Dauptain le Parisien, forgeron de métier est un colosse taciturne, le genre de gars qui en impose, ses colères sont d’ailleurs redoutées dans la compagnie.
Le troisième des amis, un instituteur niçois nommé Bau, joli garçon à l’allure d’athlète, griffonne continuellement des poèmes d’amour pour sa femme Nina.

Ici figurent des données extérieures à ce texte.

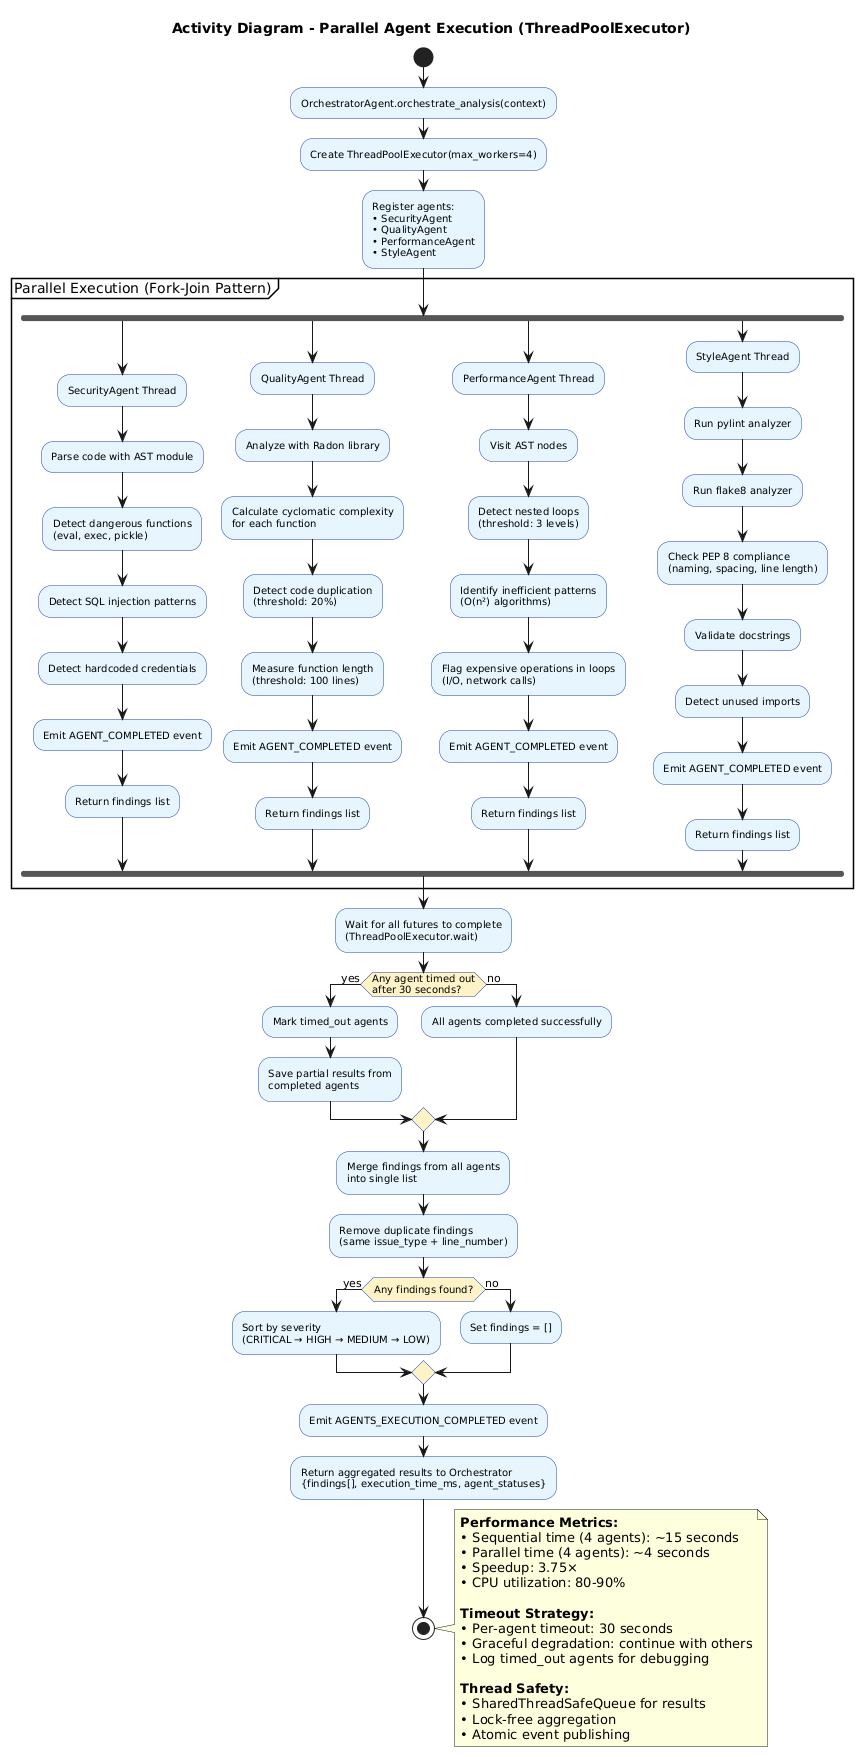

The diagram above was rendered by PlantUML. Its source (embedded in the PNG):
@startuml uml-act-parallel-agent-execution
skinparam backgroundColor #FFFFFF
skinparam activityBackgroundColor #E7F5FF
skinparam activityBorderColor #1E40AF
skinparam activityFontSize 10
skinparam activityDiamondBackgroundColor #FEF3C7

title Activity Diagram - Parallel Agent Execution (ThreadPoolExecutor)

start

:OrchestratorAgent.orchestrate_analysis(context);

:Create ThreadPoolExecutor(max_workers=4);

:Register agents:\n• SecurityAgent\n• QualityAgent\n• PerformanceAgent\n• StyleAgent;

partition "Parallel Execution (Fork-Join Pattern)" {
  fork
    :SecurityAgent Thread;
    :Parse code with AST module;
    :Detect dangerous functions\n(eval, exec, pickle);
    :Detect SQL injection patterns;
    :Detect hardcoded credentials;
    :Emit AGENT_COMPLETED event;
    :Return findings list;
  fork again
    :QualityAgent Thread;
    :Analyze with Radon library;
    :Calculate cyclomatic complexity\nfor each function;
    :Detect code duplication\n(threshold: 20%);
    :Measure function length\n(threshold: 100 lines);
    :Emit AGENT_COMPLETED event;
    :Return findings list;
  fork again
    :PerformanceAgent Thread;
    :Visit AST nodes;
    :Detect nested loops\n(threshold: 3 levels);
    :Identify inefficient patterns\n(O(n²) algorithms);
    :Flag expensive operations in loops\n(I/O, network calls);
    :Emit AGENT_COMPLETED event;
    :Return findings list;
  fork again
    :StyleAgent Thread;
    :Run pylint analyzer;
    :Run flake8 analyzer;
    :Check PEP 8 compliance\n(naming, spacing, line length);
    :Validate docstrings;
    :Detect unused imports;
    :Emit AGENT_COMPLETED event;
    :Return findings list;
  end fork
}

:Wait for all futures to complete\n(ThreadPoolExecutor.wait);

if (Any agent timed out\nafter 30 seconds?) then (yes)
  :Mark timed_out agents;
  :Save partial results from\ncompleted agents;
else (no)
  :All agents completed successfully;
endif

:Merge findings from all agents\ninto single list;

:Remove duplicate findings\n(same issue_type + line_number);

if (Any findings found?) then (yes)
  :Sort by severity\n(CRITICAL → HIGH → MEDIUM → LOW);
else (no)
  :Set findings = [];
endif

:Emit AGENTS_EXECUTION_COMPLETED event;

:Return aggregated results to Orchestrator\n{findings[], execution_time_ms, agent_statuses};

stop

note right
  **Performance Metrics:**
  • Sequential time (4 agents): ~15 seconds
  • Parallel time (4 agents): ~4 seconds
  • Speedup: 3.75×
  • CPU utilization: 80-90%
  
  **Timeout Strategy:**
  • Per-agent timeout: 30 seconds
  • Graceful degradation: continue with others
  • Log timed_out agents for debugging
  
  **Thread Safety:**
  • SharedThreadSafeQueue for results
  • Lock-free aggregation
  • Atomic event publishing
end note

@enduml

Personne ne parle, certains prient, d’autres comme Bau pensent à cette famille qu’ils ne reverront peut-être plus jamais.
Le vacarme s’amplifie, maintenant l’artillerie française censée couvrir l’assaut de l’infanterie se déchaîne à son tour. L’ordre vient d’être donné, Fahy, pistolet au poing, hurle : « Suivez moi ! » et rapidement bondit à découvert suivi de ses troupes galvanisées par un patriotisme renforcé d’une bonne dose de gnôle.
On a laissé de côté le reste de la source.